● **DATA LISTING**

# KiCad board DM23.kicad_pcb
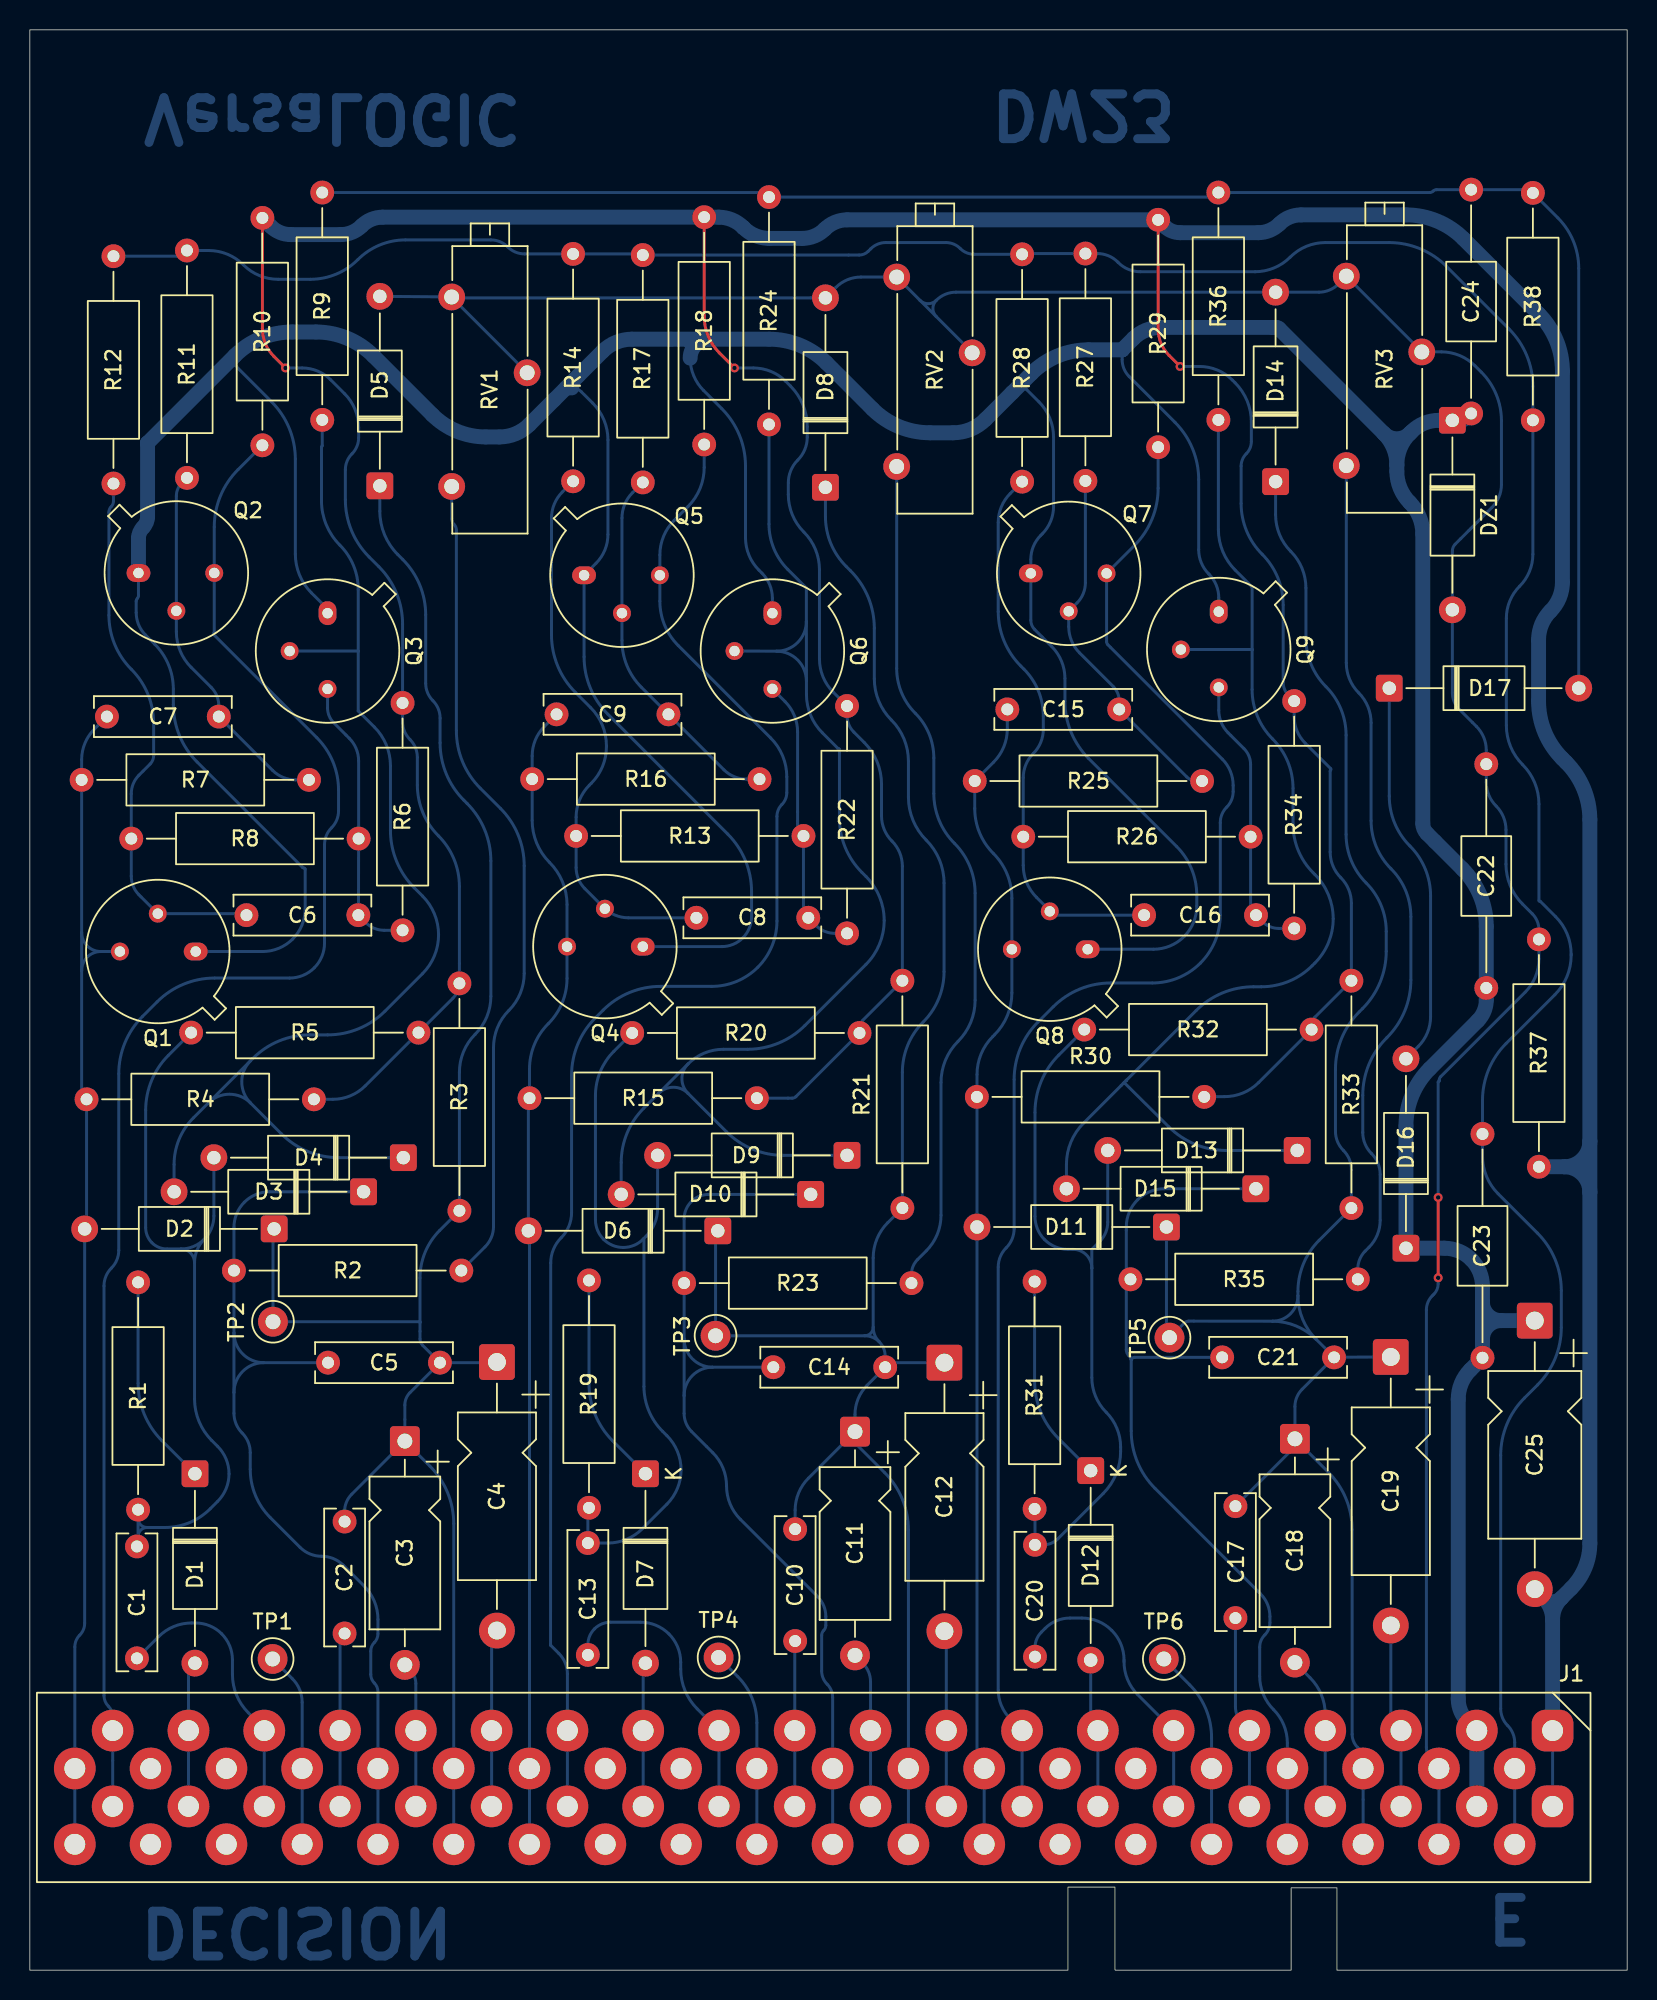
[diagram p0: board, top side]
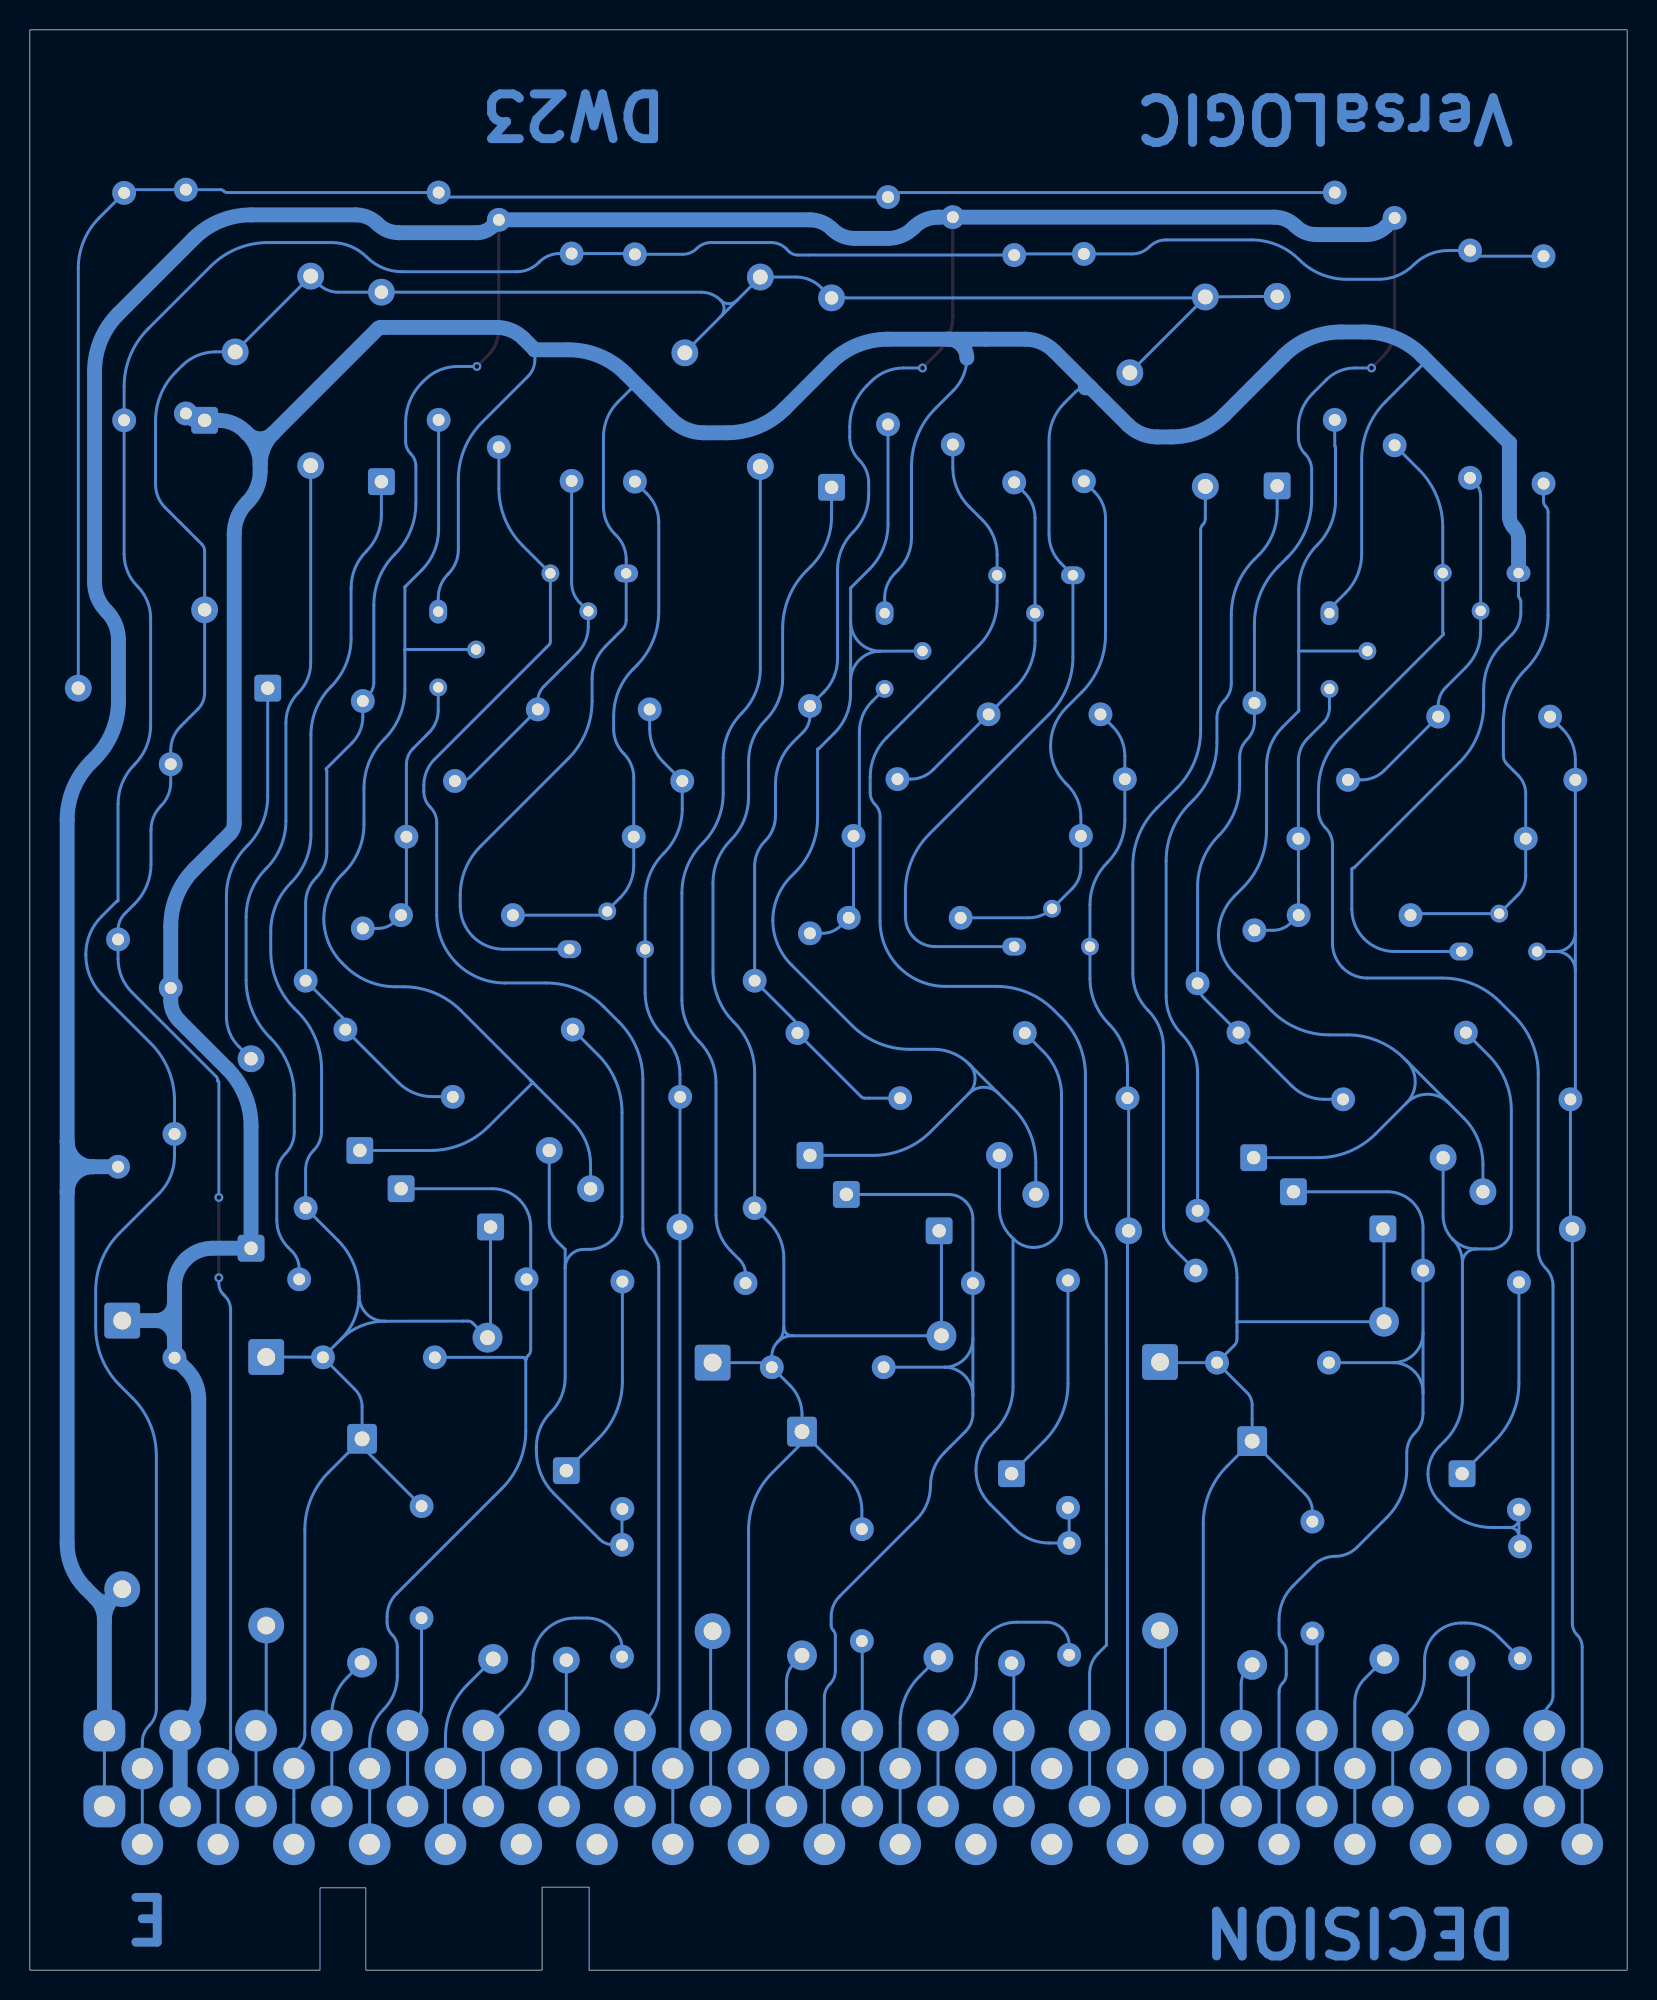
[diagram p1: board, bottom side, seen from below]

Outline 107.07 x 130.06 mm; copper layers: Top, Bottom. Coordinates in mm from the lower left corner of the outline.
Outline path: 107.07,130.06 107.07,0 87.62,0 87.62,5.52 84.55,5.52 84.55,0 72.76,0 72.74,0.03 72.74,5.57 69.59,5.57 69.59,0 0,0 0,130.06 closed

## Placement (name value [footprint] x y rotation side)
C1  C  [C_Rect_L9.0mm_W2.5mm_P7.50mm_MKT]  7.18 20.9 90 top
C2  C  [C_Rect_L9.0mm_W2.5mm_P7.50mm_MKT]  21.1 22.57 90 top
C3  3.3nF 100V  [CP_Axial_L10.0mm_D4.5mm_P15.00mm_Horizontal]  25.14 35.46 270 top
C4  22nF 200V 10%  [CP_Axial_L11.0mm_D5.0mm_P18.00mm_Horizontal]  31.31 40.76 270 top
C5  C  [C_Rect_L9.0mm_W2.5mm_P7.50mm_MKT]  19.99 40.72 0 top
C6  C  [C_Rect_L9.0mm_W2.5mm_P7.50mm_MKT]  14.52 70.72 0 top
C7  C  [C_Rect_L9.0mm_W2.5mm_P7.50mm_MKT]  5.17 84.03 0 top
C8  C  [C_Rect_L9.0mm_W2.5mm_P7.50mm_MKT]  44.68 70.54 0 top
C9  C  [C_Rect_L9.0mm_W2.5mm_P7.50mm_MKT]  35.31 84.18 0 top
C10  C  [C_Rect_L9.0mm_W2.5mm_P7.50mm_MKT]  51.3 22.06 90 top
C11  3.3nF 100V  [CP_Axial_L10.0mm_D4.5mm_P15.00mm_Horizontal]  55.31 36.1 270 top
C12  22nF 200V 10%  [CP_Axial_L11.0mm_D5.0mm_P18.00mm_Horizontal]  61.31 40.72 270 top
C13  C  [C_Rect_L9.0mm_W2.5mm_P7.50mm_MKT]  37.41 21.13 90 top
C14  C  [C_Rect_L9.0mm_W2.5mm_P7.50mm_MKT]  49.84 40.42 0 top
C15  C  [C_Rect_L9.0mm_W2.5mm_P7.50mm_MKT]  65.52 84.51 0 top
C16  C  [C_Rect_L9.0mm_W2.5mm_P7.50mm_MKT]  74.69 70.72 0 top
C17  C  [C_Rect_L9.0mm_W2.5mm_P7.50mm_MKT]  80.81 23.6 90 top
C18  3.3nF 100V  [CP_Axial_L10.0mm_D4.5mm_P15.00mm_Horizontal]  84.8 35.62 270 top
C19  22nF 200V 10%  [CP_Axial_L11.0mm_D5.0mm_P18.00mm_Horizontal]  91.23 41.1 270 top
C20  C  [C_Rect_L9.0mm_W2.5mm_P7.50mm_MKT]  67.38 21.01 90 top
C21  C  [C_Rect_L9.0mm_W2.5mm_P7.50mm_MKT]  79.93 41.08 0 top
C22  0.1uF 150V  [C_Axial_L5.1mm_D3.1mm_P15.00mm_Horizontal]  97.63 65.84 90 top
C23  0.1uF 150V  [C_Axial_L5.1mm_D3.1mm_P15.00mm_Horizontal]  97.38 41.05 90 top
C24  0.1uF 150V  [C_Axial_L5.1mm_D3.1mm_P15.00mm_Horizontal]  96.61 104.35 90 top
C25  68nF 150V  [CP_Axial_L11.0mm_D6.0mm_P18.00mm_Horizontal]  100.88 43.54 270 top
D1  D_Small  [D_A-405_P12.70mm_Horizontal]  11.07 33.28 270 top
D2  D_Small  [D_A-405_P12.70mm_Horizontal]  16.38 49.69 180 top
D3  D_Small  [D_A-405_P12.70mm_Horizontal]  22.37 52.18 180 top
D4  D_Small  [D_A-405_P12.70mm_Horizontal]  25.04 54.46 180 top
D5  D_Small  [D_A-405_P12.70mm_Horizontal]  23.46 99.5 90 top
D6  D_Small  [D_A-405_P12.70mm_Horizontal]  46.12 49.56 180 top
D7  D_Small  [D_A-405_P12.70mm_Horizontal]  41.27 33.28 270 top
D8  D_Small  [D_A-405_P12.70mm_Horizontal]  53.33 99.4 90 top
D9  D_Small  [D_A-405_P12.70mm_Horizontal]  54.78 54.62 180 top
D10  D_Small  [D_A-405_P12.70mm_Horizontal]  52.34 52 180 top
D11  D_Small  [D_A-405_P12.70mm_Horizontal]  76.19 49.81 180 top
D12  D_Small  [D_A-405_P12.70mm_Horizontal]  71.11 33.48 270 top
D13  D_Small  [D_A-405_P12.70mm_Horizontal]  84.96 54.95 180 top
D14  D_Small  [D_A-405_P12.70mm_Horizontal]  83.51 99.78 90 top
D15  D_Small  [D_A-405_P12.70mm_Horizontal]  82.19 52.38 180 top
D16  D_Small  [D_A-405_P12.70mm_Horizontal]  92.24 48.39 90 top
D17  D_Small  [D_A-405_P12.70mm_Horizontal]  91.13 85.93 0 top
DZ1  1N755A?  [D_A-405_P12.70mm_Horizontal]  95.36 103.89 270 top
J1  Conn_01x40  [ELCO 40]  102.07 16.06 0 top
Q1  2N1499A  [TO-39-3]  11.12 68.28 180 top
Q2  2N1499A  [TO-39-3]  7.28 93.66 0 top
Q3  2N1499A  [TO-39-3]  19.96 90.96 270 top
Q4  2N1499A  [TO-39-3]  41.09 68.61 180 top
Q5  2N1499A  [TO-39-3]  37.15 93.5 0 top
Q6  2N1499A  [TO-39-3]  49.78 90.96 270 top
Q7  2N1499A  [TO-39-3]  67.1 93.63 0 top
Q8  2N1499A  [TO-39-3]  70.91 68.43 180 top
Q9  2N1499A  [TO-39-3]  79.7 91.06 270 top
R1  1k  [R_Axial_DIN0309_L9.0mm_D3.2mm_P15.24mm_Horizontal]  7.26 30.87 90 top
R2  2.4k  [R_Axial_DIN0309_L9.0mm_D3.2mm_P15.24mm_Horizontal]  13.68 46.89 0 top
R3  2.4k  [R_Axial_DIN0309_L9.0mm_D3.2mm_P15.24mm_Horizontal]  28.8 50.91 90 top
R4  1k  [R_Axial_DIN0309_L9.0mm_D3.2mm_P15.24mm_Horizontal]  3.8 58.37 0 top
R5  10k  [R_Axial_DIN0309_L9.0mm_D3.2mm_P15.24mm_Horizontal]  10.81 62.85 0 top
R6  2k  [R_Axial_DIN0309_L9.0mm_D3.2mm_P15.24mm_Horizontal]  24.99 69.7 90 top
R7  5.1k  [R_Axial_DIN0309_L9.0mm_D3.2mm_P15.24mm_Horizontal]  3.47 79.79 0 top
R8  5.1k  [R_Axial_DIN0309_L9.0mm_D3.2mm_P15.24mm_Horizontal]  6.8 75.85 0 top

● **PROBLEM DESCRIPTION**
Your reply should be only the count of lines in the entries above that contain the word "side".

● **RESULT OF THIS EXERCISE**
3